Buying your first house is very exciting, although it does come with a certain amount of trepidation.  Now that you’ve parted with a big chunk of your life-savings, how do you keep your home in good condition, maximizing your comfort and enjoyment while at the same time safeguarding the value of this important investment?

Take it from the Coop!  Don’t wait for issues to become emergencies before addressing them!  Tackle home maintenance projects on an ongoing basis, one project at a time. You’ll learn that these projects don’t take over your life or empty your wallet, and you might even find that you’re handy!

Here is the Coop’s list of ‘must-do’ maintenance tasks, compiled especially for new homeowners. Most of these tasks can be completed without the help of a professional, but it’s always better to be safe than sorry – contact an expert when a project is beyond your capabilities.

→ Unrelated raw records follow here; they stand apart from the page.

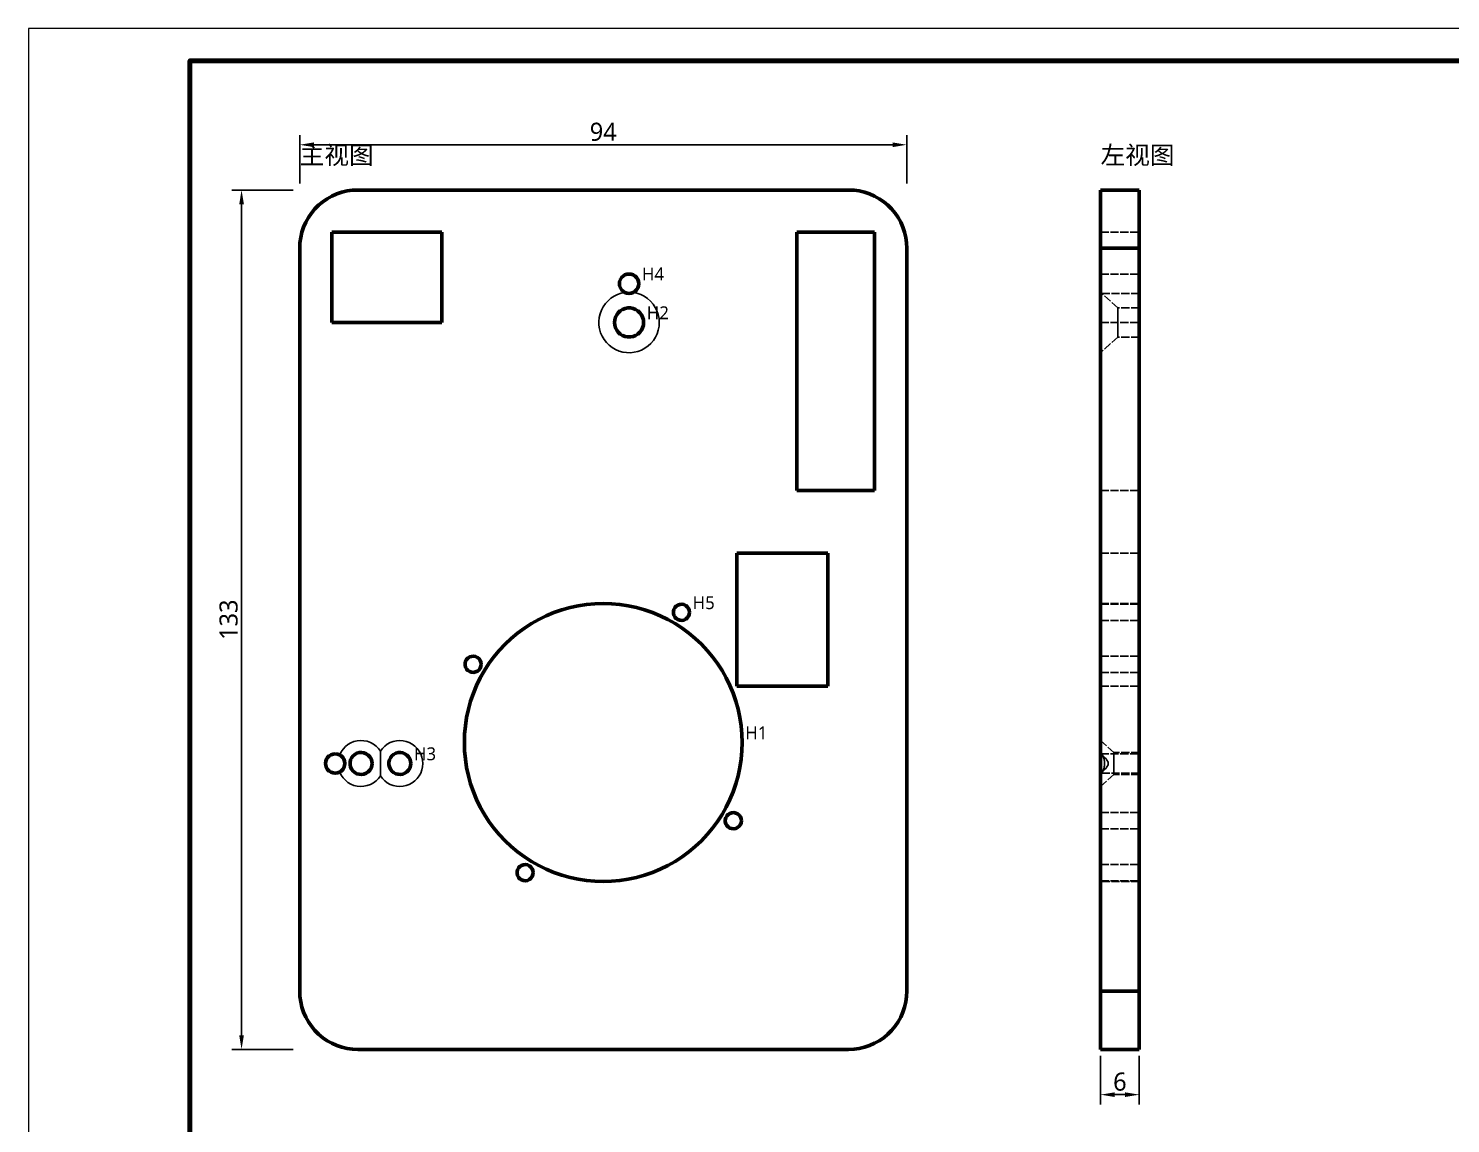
# Model space of a CAD drawing. Header units: millimetres. Extents: x 0 to 420, y 0 to 297.
# Drawn here: x 0 to 220.2, y 127.5 to 297 of the extents above; entities that cross this region are included whole.
import ezdxf

# ---------------------------------------------------------------- set-up
doc = ezdxf.new("R2010")
doc.units = ezdxf.units.MM
doc.linetypes.add('DASHED', pattern=[1.524, 1.27, -0.254])
for name, color, linetype, lineweight in [('DIM', 3, 'CONTINUOUS', 18), ('FRAME', 7, 'CONTINUOUS', 70), ('HIDDEN', 8, 'DASHED', 25), ('TEXT', 7, 'CONTINUOUS', 25), ('VISIBLE', 7, 'CONTINUOUS', 50)]:
    doc.layers.add(name, color=color, linetype=linetype, lineweight=lineweight)
doc.styles.add('CJK', font='NotoSansCJK-Regular.ttc')
doc.dimstyles.new('GB', dxfattribs={"dimtxt": 2.8, "dimasz": 2.2, "dimexe": 1.5, "dimexo": 1, "dimgap": 0.6, "dimtad": 1, "dimlfac": 100, "dimzin": 12, "dimdsep": 46, "dimtxsty": 'CJK', "dimcen": 2.5, "dimazin": 3, "dimtfac": 0.5, "dimtmove": 2, "dimatfit": 3})

msp = doc.modelspace()

# ---------------------------------------------------------------- linework, layer by layer
at = {"layer": 'FRAME', "lineweight": 18}
msp.add_lwpolyline([(0, 0), (420, 0), (420, 297), (0, 297)], close=True, dxfattribs=at)
at = {"layer": 'FRAME'}
msp.add_lwpolyline([(25, 5), (415, 5), (415, 292), (25, 292)], close=True, dxfattribs=at)
at = {"layer": 'HIDDEN'}
for points in [[(51, 272), (50.16958, 271.96161), (49.34625, 271.84676), (48.53703, 271.65643), (47.74883, 271.39225), (46.98835, 271.05647), (46.26211, 270.65195), (45.57629, 270.18216), (44.93674, 269.65108), (44.34892, 269.06326), (43.81784, 268.42371), (43.34805, 267.73789), (42.94353, 267.01165), (42.60775, 266.25117), (42.34357, 265.46297), (42.15324, 264.65375), (42.03839, 263.83042), (42, 263)], [(127, 272), (51, 272)], [(136, 263), (135.96161, 263.83042), (135.84676, 264.65375), (135.65643, 265.46297), (135.39225, 266.25117), (135.05647, 267.01165), (134.65195, 267.73789), (134.18216, 268.42371), (133.65108, 269.06326), (133.06326, 269.65108), (132.42371, 270.18216), (131.73789, 270.65195), (131.01165, 271.05647), (130.25117, 271.39225), (129.46297, 271.65643), (128.65375, 271.84676), (127.83042, 271.96161), (127, 272)], [(166, 263), (166, 264.00768), (166, 265.00269), (166, 265.97251), (166, 266.90495), (166, 267.78829), (166, 268.61141), (166, 269.36396), (166, 270.03648), (166, 270.62052), (166, 271.10872), (166, 271.49495), (166, 271.77435), (166, 271.94341), (166, 272)], [(166, 272), (172, 272)], [(172, 263), (172, 264.00768), (172, 265.00269), (172, 265.97251), (172, 266.90495), (172, 267.78829), (172, 268.61141), (172, 269.36396), (172, 270.03648), (172, 270.62052), (172, 271.10872), (172, 271.49495), (172, 271.77435), (172, 271.94341), (172, 272)], [(64, 265.5), (47, 265.5)], [(47, 265.5), (47, 251.5)], [(64, 265.5), (64, 251.5)], [(131, 265.5), (119, 265.5)], [(119, 265.5), (119, 225.5)], [(131, 265.5), (131, 225.5)], [(166, 265.5), (166, 225.5)], [(166, 265.5), (166, 225.5)], [(166, 265.5), (166, 251.5)], [(166, 265.5), (166, 251.5)], [(166, 265.5), (172, 265.5)], [(166, 265.5), (172, 265.5)], [(166, 265.5), (172, 265.5)], [(166, 265.5), (172, 265.5)], [(172, 265.5), (172, 225.5)], [(172, 265.5), (172, 225.5)], [(172, 265.5), (172, 251.5)], [(172, 265.5), (172, 251.5)], [(42, 263), (42, 148)], [(136, 148), (136, 263)], [(166, 148), (166, 263)], [(172, 148), (172, 263)], [(92.3722, 256.1377), (92.08312, 256.31285), (91.84059, 256.54828), (91.65694, 256.83203), (91.54148, 257.1497), (91.50007, 257.48516), (91.53483, 257.82136), (91.64398, 258.14126), (91.82198, 258.42859), (92.0598, 258.66877), (92.34536, 258.84961), (92.66415, 258.96192), (93, 259)], [(93, 259), (93.33585, 258.96192), (93.65464, 258.84961), (93.9402, 258.66877), (94.17802, 258.42859), (94.35602, 258.14126), (94.46517, 257.82136), (94.49993, 257.48516), (94.45852, 257.1497), (94.34306, 256.83203), (94.15941, 256.54828), (93.91688, 256.31285), (93.6278, 256.1377)], [(166, 259), (166, 258.97199), (166, 258.88901), (166, 258.75415), (166, 258.57245), (166, 258.3507), (166, 258.09719), (166, 257.82136), (166, 257.53354), (166, 257.24446), (166, 256.96493), (166, 256.70538), (166, 256.47551), (166, 256.2839), (166, 256.1377)], [(166, 256.1377), (166, 256.2839), (166, 256.47551), (166, 256.70538), (166, 256.96493), (166, 257.24446), (166, 257.53354), (166, 257.82136), (166, 258.09719), (166, 258.3507), (166, 258.57245), (166, 258.75415), (166, 258.88901), (166, 258.97199), (166, 259)], [(166, 259), (172, 259)], [(172, 259), (172, 258.96239), (172, 258.85145), (172, 258.67275), (172, 258.43523), (172, 258.15083), (172, 257.83378), (172, 257.5), (172, 257.16622), (172, 256.84917), (172, 256.56477), (172, 256.32725), (172, 256.14855), (172, 256.03761), (172, 256)], [(172, 256), (172, 256.03761), (172, 256.14855), (172, 256.32725), (172, 256.56477), (172, 256.84917), (172, 257.16622), (172, 257.5), (172, 257.83378), (172, 258.15083), (172, 258.43523), (172, 258.67275), (172, 258.85145), (172, 258.96239), (172, 259)], [(92.3722, 256.1377), (91.78911, 256.02064), (91.22558, 255.83057), (90.69071, 255.57057), (90.19313, 255.24484), (89.74087, 254.85864), (89.34124, 254.4182), (89.0007, 253.93064), (88.72474, 253.40382), (88.51781, 252.84626), (88.38327, 252.26696), (88.32328, 251.67528), (88.33882, 251.08076), (88.42962, 250.49302), (88.59423, 249.92153), (88.82998, 249.37554), (89.13307, 248.86385), (89.49861, 248.39473), (89.92069, 247.97576), (90.3925, 247.6137), (90.90641, 247.3144), (91.45413, 247.08268), (92.02682, 246.9223), (92.61522, 246.83584), (93.20983, 246.82471), (93.80106, 246.88907), (94.37935, 247.02789), (94.93536, 247.23892), (95.46012, 247.51877), (95.94516, 247.86291), (96.38263, 248.26578), (96.76548, 248.72088), (97.08753, 249.22085), (97.34357, 249.75763), (97.52946, 250.32255), (97.64221, 250.90648), (97.68, 251.5)], [(92.3722, 256.1377), (92.65067, 256.04124), (92.81825, 256.01105), (92.99998, 256), (93.18171, 256.01105), (93.3493, 256.04124), (93.6278, 256.1377)], [(97.68, 251.5), (97.64016, 252.10932), (97.52134, 252.70827), (97.32554, 253.28665), (97.0561, 253.83462), (96.71762, 254.34284), (96.31585, 254.80266), (95.85763, 255.20626), (95.35076, 255.54677), (94.80387, 255.81839), (94.22628, 256.01649), (93.6278, 256.1377)], [(166, 251.5), (166, 251.97927), (166, 252.45351), (166, 252.91772), (166, 253.36702), (166, 253.79669), (166, 254.2022), (166, 254.57931), (166, 254.92403), (166, 255.23275), (166, 255.50222), (166, 255.7296), (166, 255.91251), (166, 256.04902), (166, 256.1377)], [(166, 256.1377), (166, 255.89732), (166, 255.45486), (166, 254.83064), (166, 254.05335), (166, 253.15872), (166, 252.18786), (166, 251.18539), (166, 250.19737), (166, 249.26922), (166, 248.44359), (166, 247.75843), (166, 247.24522), (166, 246.92754), (166, 246.82)], [(166, 256.1377), (166.13824, 256.04124), (166.1823, 256.01105), (166.19852, 256)], [(166.19852, 256), (166.1823, 256.01105), (166.13824, 256.04124), (166, 256.1377)], [(168.68, 253.75), (166.19852, 256)], [(172, 256), (166.19852, 256)], [(95.25, 251.5), (95.21169, 251.91344), (95.09806, 252.31279), (94.91299, 252.68447), (94.66277, 253.01582), (94.35593, 253.29554), (94.00291, 253.51412), (93.61574, 253.66411), (93.2076, 253.7404), (92.7924, 253.7404), (92.38426, 253.66411), (91.99709, 253.51412), (91.64407, 253.29554), (91.33723, 253.01582), (91.08701, 252.68447), (90.90194, 252.31279), (90.78831, 251.91344), (90.75, 251.5), (90.78831, 251.08656), (90.90194, 250.68721), (91.08701, 250.31553), (91.33723, 249.98418), (91.64407, 249.70446), (91.99709, 249.48588), (92.38426, 249.33589), (92.7924, 249.2596), (93.2076, 249.2596), (93.61574, 249.33589), (94.00291, 249.48588), (94.35593, 249.70446), (94.66277, 249.98418), (94.91299, 250.31553), (95.09806, 250.68721), (95.21169, 251.08656), (95.25, 251.5)], [(168.68, 251.5), (168.68, 251.75192), (168.68, 252.00067), (168.68, 252.24313), (168.68, 252.47624), (168.68, 252.69707), (168.68, 252.90285), (168.68, 253.09099), (168.68, 253.25912), (168.68, 253.40513), (168.68, 253.52718), (168.68, 253.62374), (168.68, 253.69359), (168.68, 253.73585), (168.68, 253.75)], [(168.68, 253.75), (168.68, 253.69359), (168.68, 253.52718), (168.68, 253.25912), (168.68, 252.90285), (168.68, 252.47624), (168.68, 252.00067), (168.68, 251.5), (168.68, 250.99933), (168.68, 250.52376), (168.68, 250.09715), (168.68, 249.74088), (168.68, 249.47282), (168.68, 249.30641), (168.68, 249.25)], [(172, 253.75), (168.68, 253.75)], [(172, 249.25), (172, 249.30641), (172, 249.47282), (172, 249.74088), (172, 250.09715), (172, 250.52376), (172, 250.99933), (172, 251.5), (172, 252.00067), (172, 252.47624), (172, 252.90285), (172, 253.25912), (172, 253.52718), (172, 253.69359), (172, 253.75)], [(172, 253.75), (172, 253.73585), (172, 253.69359), (172, 253.62374), (172, 253.52718), (172, 253.40513), (172, 253.25912), (172, 253.09099), (172, 252.90285), (172, 252.69707), (172, 252.47624), (172, 252.24313), (172, 252.00067), (172, 251.75192), (172, 251.5)], [(64, 251.5), (47, 251.5)], [(166, 246.82), (166, 246.84943), (166, 246.93734), (166, 247.08263), (166, 247.28347), (166, 247.53733), (166, 247.84103), (166, 248.19074), (166, 248.58207), (166, 249.01009), (166, 249.46942), (166, 249.95429), (166, 250.4586), (166, 250.97601), (166, 251.5)], [(166, 251.5), (172, 251.5)], [(166, 251.5), (172, 251.5)], [(168.68, 249.25), (168.68, 249.26415), (168.68, 249.30641), (168.68, 249.37626), (168.68, 249.47282), (168.68, 249.59487), (168.68, 249.74088), (168.68, 249.90901), (168.68, 250.09715), (168.68, 250.30293), (168.68, 250.52376), (168.68, 250.75687), (168.68, 250.99933), (168.68, 251.24808), (168.68, 251.5)], [(172, 251.5), (172, 251.24808), (172, 250.99933), (172, 250.75687), (172, 250.52376), (172, 250.30293), (172, 250.09715), (172, 249.90901), (172, 249.74088), (172, 249.59487), (172, 249.47282), (172, 249.37626), (172, 249.30641), (172, 249.26415), (172, 249.25)], [(168.68, 249.25), (166, 246.82)], [(172, 249.25), (168.68, 249.25)], [(131, 225.5), (119, 225.5)], [(166, 225.5), (172, 225.5)], [(166, 225.5), (172, 225.5)], [(123.8, 215.8), (109.7, 215.8)], [(109.7, 215.8), (109.7, 195.2)], [(123.8, 215.8), (123.8, 195.2)], [(166, 215.8), (166, 195.2)], [(166, 215.8), (166, 195.2)], [(166, 215.8), (172, 215.8)], [(166, 215.8), (172, 215.8)], [(172, 215.8), (172, 195.2)], [(172, 215.8), (172, 195.2)], [(89, 208), (90.29814, 207.96077), (91.59154, 207.84324), (92.87548, 207.64783), (94.14529, 207.37525), (95.39632, 207.0265), (96.62401, 206.60285), (97.82388, 206.10585), (98.99155, 205.5373), (100.12276, 204.8993), (101.21339, 204.19415), (102.25946, 203.42444), (103.25714, 202.59298), (104.2028, 201.7028), (105.09298, 200.75714), (105.92444, 199.75946), (106.69415, 198.71339), (107.3993, 197.62276), (108.0373, 196.49155), (108.60585, 195.32388), (109.10285, 194.12401), (109.5265, 192.89632), (109.87525, 191.64529), (110.14783, 190.37548), (110.34324, 189.09154), (110.46077, 187.79814), (110.5, 186.5), (110.46077, 185.20186), (110.34324, 183.90846), (110.14783, 182.62452), (109.87525, 181.35471), (109.5265, 180.10368), (109.10285, 178.87599), (108.60585, 177.67612), (108.0373, 176.50845), (107.3993, 175.37724), (106.69415, 174.28661), (105.92444, 173.24054), (105.09298, 172.24286), (104.2028, 171.2972), (103.25714, 170.40702), (102.25946, 169.57556), (101.21339, 168.80585), (100.12276, 168.1007), (98.99155, 167.4627), (97.82388, 166.89415), (96.62401, 166.39715), (95.39632, 165.9735), (94.14529, 165.62475), (92.87548, 165.35217), (91.59154, 165.15676), (90.29814, 165.03923), (89, 165), (87.70186, 165.03923), (86.40846, 165.15676), (85.12452, 165.35217), (83.85471, 165.62475), (82.60368, 165.9735), (81.37599, 166.39715), (80.17612, 166.89415), (79.00845, 167.4627), (77.87724, 168.1007), (76.78661, 168.80585), (75.74054, 169.57556), (74.74286, 170.40702), (73.7972, 171.2972), (72.90702, 172.24286), (72.07556, 173.24054), (71.30585, 174.28661), (70.6007, 175.37724), (69.9627, 176.50845), (69.39415, 177.67612), (68.89715, 178.87599), (68.4735, 180.10368), (68.12475, 181.35471), (67.85217, 182.62452), (67.65676, 183.90846), (67.53923, 185.20186), (67.5, 186.5), (67.53923, 187.79814), (67.65676, 189.09154), (67.85217, 190.37548), (68.12475, 191.64529), (68.4735, 192.89632), (68.89715, 194.12401), (69.39415, 195.32388), (69.9627, 196.49155), (70.6007, 197.62276), (71.30585, 198.71339), (72.07556, 199.75946), (72.90702, 200.75714), (73.7972, 201.7028), (74.74286, 202.59298), (75.74054, 203.42444), (76.78661, 204.19415), (77.87724, 204.8993), (79.00845, 205.5373), (80.17612, 206.10585), (81.37599, 206.60285), (82.60368, 207.0265), (83.85471, 207.37525), (85.12452, 207.64783), (86.40846, 207.84324), (87.70186, 207.96077), (89, 208)], [(102.35339, 206.64343), (102.31412, 206.95429), (102.19878, 207.24562), (102.01461, 207.49912), (101.77318, 207.69884), (101.48967, 207.83225), (101.18188, 207.89096), (100.86917, 207.87129), (100.57117, 207.77447), (100.30661, 207.60657), (100.09212, 207.37816), (99.94117, 207.10359), (99.86325, 206.8001), (99.86325, 206.48677), (99.94117, 206.18328), (100.09212, 205.9087), (100.30661, 205.68029), (100.57117, 205.5124), (100.86917, 205.41557), (101.18188, 205.3959), (101.48967, 205.45461), (101.77318, 205.58802), (102.01461, 205.78775), (102.19878, 206.04124), (102.31412, 206.33257), (102.35339, 206.64343)], [(166, 208), (166, 207.46095), (166, 205.87083), (166, 203.30938), (166, 199.90503), (166, 195.8285), (166, 191.2842), (166, 186.5), (166, 181.7158), (166, 177.1715), (166, 173.09497), (166, 169.69062), (166, 167.12917), (166, 165.53905), (166, 165)], [(166, 165), (166, 165.53905), (166, 167.12917), (166, 169.69062), (166, 173.09497), (166, 177.1715), (166, 181.7158), (166, 186.5), (166, 191.2842), (166, 195.8285), (166, 199.90503), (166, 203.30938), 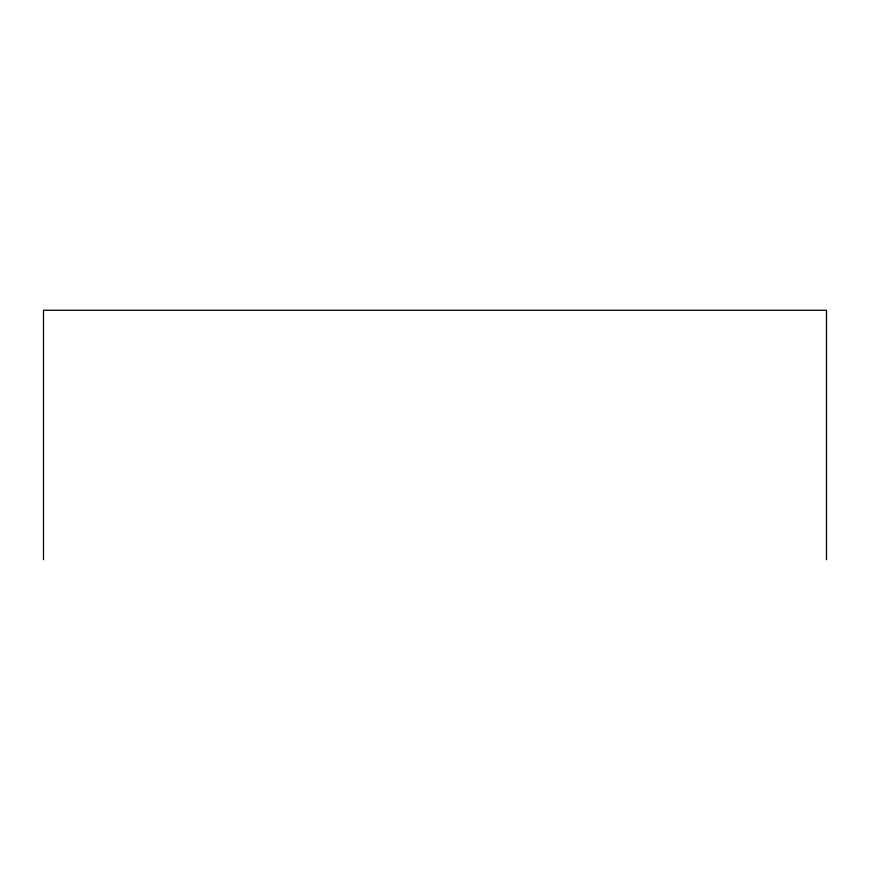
<?xml version="1.0" encoding="UTF-8"?>
<svg xmlns="http://www.w3.org/2000/svg" width="870" height="870" viewBox="0 0 870 870"><rect width="100%" height="100%" fill="white"/><g stroke="black" fill="none" stroke-linecap="round" stroke-linejoin="round"><path stroke-width="1.3" d="M826.5 559.736L826.5 310.264L43.5 310.264L43.5 559.736"/></g></svg>

  1. Know where your circuit breaker box and utility shut-off switches are located in case you ever have an emergency and need to utilize them. In particular, make sure you know where your water shut-off valve is located!
  2. Check the HVAC system’s air filter(s) to ensure it’s clean and will give you the maximum amount of air possible while filtering out contaminants such as mold, mildew, bacteria, viruses, dust, dirt pet dander, and pollen. Ask your HVAC technician how often the air filter should be replaced. If someone in your home has allergies, asthma or other respiratory issues, consult with the HVAC technician to see whether you need a higher level of air filtration and purification.
  3. Your sump pump protects your home from flooding. Hopefully, it rarely operates, but it’s critical when you need it!  Test to make sure it’s working properly once or twice a year.
  4. Flush your water heater once a year to minimize sediment build-up — especially if you have hard water– which is often the case in Bucks County and the surrounding areas.
  5. Clean your gutters – particularly in the fall after the leaves drop — but spot-check year-round as needed. Gutters move rain water away from your home so there’s less likelihood that it will leak through the roof or infiltrate your siding. Moreover, your gutters are potentially a breeding ground for mosquitos when they’re clogged.
  6. Inspect pipes and plumbing fixtures for leaks, slow drains, and clogged aerators to make sure your plumbing system is operating efficiently. Call a professional plumber if you see a problem or for a more expert inspection.
  7. Vacuum/dust refrigerator coils located either underneath or in back of the appliance to ensure dust and dirt aren’t straining its ability to operate. (Read the manual if you’re not sure where the coils are located.) While you’re at it, vacuum air vents and returns so dust doesn’t accumulate and obstruct the airways.
  8. Consult with a professional HVAC technician who will inspect and tune-up your system so it performs at its best when you need it. You’ll want to schedule preventative maintenance once a year for the heater and once yearly for the AC.
  9. Although you should empty out the lint vent every time you dry a load of wash, once or twice a year, use a long skinny brush to make sure all the piping is free of lint and particles that can clog the venting over time and prevent it from operating effectively.
  10. Check the batteries for your smoke and carbon monoxide detectors. It’s suggested that you do it twice a year, when moving your clock forward or back.
  11. Inspect your deck and reseal and stain every few years to make sure the wood doesn’t rot.
  12. Inspect the exterior of your house, and if you see that paint is peeling or the siding is cracking or chipping, it should be addressed to protect the shell of your home.
  13. Examine the caulking and grout around your windows and doors (inside and out) and throughout your kitchen and baths to alleviate water issues that can cause lots of damage before they’re even noticed.
  14. Check your crawl space and basement for any evidence of water seeping into the house which can cause mold. If there’s no sign of water, but your basement smells funky, it would be wise to contact an HVAC technician who can check the humidity level in your home and offer suggestions and solutions.
  15. Look for cracks on your driveway that indicate it’s time to reseal the asphalt to protect it from water infiltration.